(Beginning of EXERCISE MATERIAL)
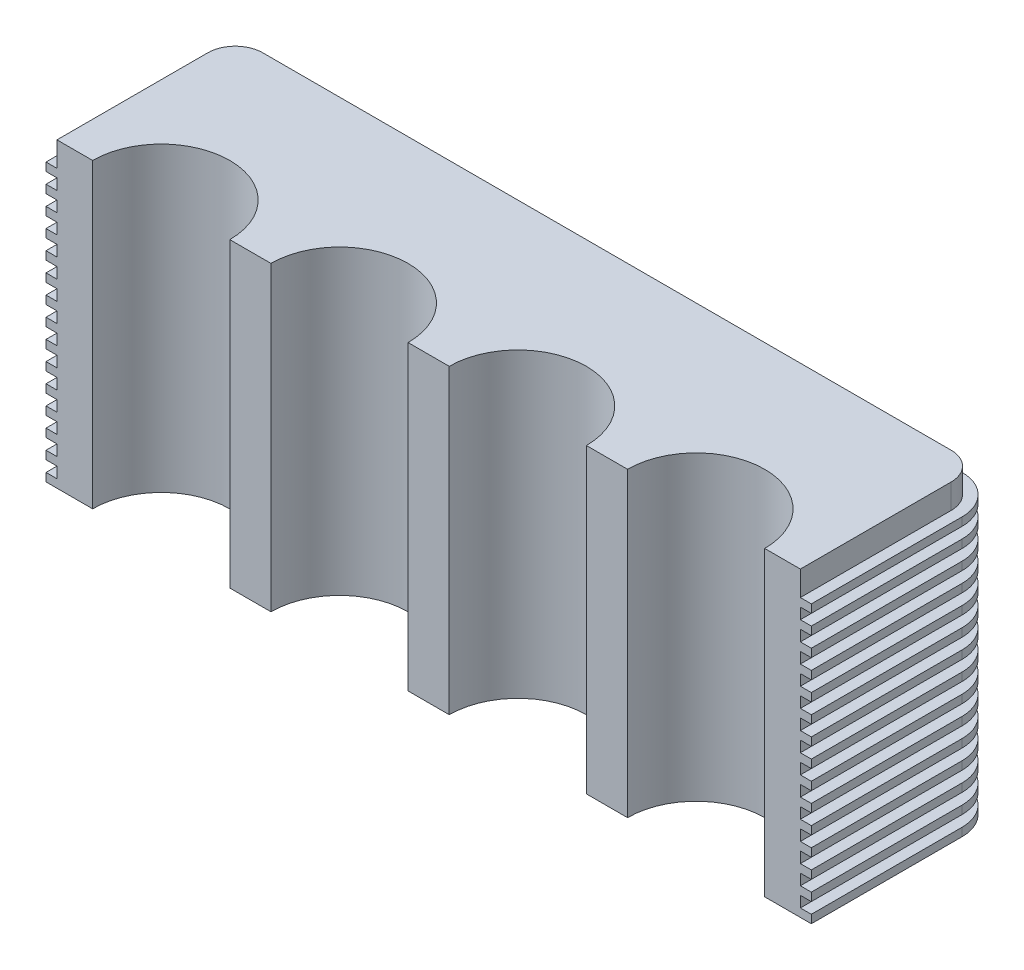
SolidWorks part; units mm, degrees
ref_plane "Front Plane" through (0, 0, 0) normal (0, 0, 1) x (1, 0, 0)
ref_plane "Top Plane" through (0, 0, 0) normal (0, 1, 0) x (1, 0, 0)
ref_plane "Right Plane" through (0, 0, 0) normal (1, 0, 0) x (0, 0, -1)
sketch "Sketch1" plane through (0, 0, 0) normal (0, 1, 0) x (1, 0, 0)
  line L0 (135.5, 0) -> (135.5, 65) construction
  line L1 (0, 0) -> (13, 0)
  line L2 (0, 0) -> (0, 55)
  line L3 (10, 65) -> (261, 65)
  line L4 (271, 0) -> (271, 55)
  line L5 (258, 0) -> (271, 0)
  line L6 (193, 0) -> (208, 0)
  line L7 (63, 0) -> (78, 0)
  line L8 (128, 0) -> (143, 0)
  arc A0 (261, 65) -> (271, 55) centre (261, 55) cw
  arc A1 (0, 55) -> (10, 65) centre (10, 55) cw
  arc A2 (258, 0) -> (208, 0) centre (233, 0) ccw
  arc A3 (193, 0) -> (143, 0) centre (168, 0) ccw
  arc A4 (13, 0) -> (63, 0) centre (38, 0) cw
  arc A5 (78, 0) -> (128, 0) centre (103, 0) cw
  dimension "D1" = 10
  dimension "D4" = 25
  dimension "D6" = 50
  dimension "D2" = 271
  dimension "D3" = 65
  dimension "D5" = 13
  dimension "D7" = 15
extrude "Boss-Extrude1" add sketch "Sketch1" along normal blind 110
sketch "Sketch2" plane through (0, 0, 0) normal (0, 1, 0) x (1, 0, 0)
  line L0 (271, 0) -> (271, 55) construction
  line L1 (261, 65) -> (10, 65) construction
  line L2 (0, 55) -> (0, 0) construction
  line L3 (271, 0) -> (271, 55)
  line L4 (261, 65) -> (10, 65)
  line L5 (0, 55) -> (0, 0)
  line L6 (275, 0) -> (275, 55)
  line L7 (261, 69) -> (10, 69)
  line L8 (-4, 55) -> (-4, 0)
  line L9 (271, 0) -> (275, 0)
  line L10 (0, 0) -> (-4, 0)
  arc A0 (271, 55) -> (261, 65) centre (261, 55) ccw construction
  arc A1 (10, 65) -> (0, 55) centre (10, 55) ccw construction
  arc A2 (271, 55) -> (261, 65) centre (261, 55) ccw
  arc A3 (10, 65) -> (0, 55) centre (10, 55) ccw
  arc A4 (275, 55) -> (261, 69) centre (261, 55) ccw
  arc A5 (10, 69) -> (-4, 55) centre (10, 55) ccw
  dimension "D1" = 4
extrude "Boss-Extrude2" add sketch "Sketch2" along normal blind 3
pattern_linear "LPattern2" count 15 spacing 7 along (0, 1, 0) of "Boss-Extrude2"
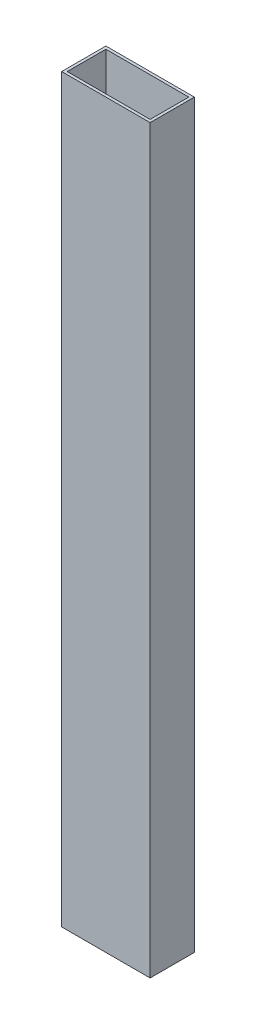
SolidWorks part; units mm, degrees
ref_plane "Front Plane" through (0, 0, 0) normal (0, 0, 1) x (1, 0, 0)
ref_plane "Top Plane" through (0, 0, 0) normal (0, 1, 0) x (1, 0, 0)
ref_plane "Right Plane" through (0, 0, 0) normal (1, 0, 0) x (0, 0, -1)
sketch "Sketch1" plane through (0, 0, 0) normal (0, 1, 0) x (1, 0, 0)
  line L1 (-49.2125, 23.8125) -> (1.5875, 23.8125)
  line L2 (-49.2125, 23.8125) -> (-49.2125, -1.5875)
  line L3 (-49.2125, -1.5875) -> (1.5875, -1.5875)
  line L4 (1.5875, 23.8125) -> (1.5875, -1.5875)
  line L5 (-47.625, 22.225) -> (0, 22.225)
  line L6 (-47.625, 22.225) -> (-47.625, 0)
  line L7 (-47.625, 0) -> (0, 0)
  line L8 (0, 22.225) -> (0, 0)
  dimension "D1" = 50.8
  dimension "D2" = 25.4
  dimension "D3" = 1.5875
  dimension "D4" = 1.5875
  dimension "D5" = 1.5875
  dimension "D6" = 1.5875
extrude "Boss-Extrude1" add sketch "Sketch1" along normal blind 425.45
(End of EXERCISE MATERIAL)
▶ **REQUIREMENT**: Filter these records, keeping every line where the word "along" occurs.

▶ **TASK OUTPUT**:
extrude "Boss-Extrude1" add sketch "Sketch1" along normal blind 110
extrude "Boss-Extrude2" add sketch "Sketch2" along normal blind 3
pattern_linear "LPattern2" count 15 spacing 7 along (0, 1, 0) of "Boss-Extrude2"
extrude "Boss-Extrude1" add sketch "Sketch1" along normal blind 425.45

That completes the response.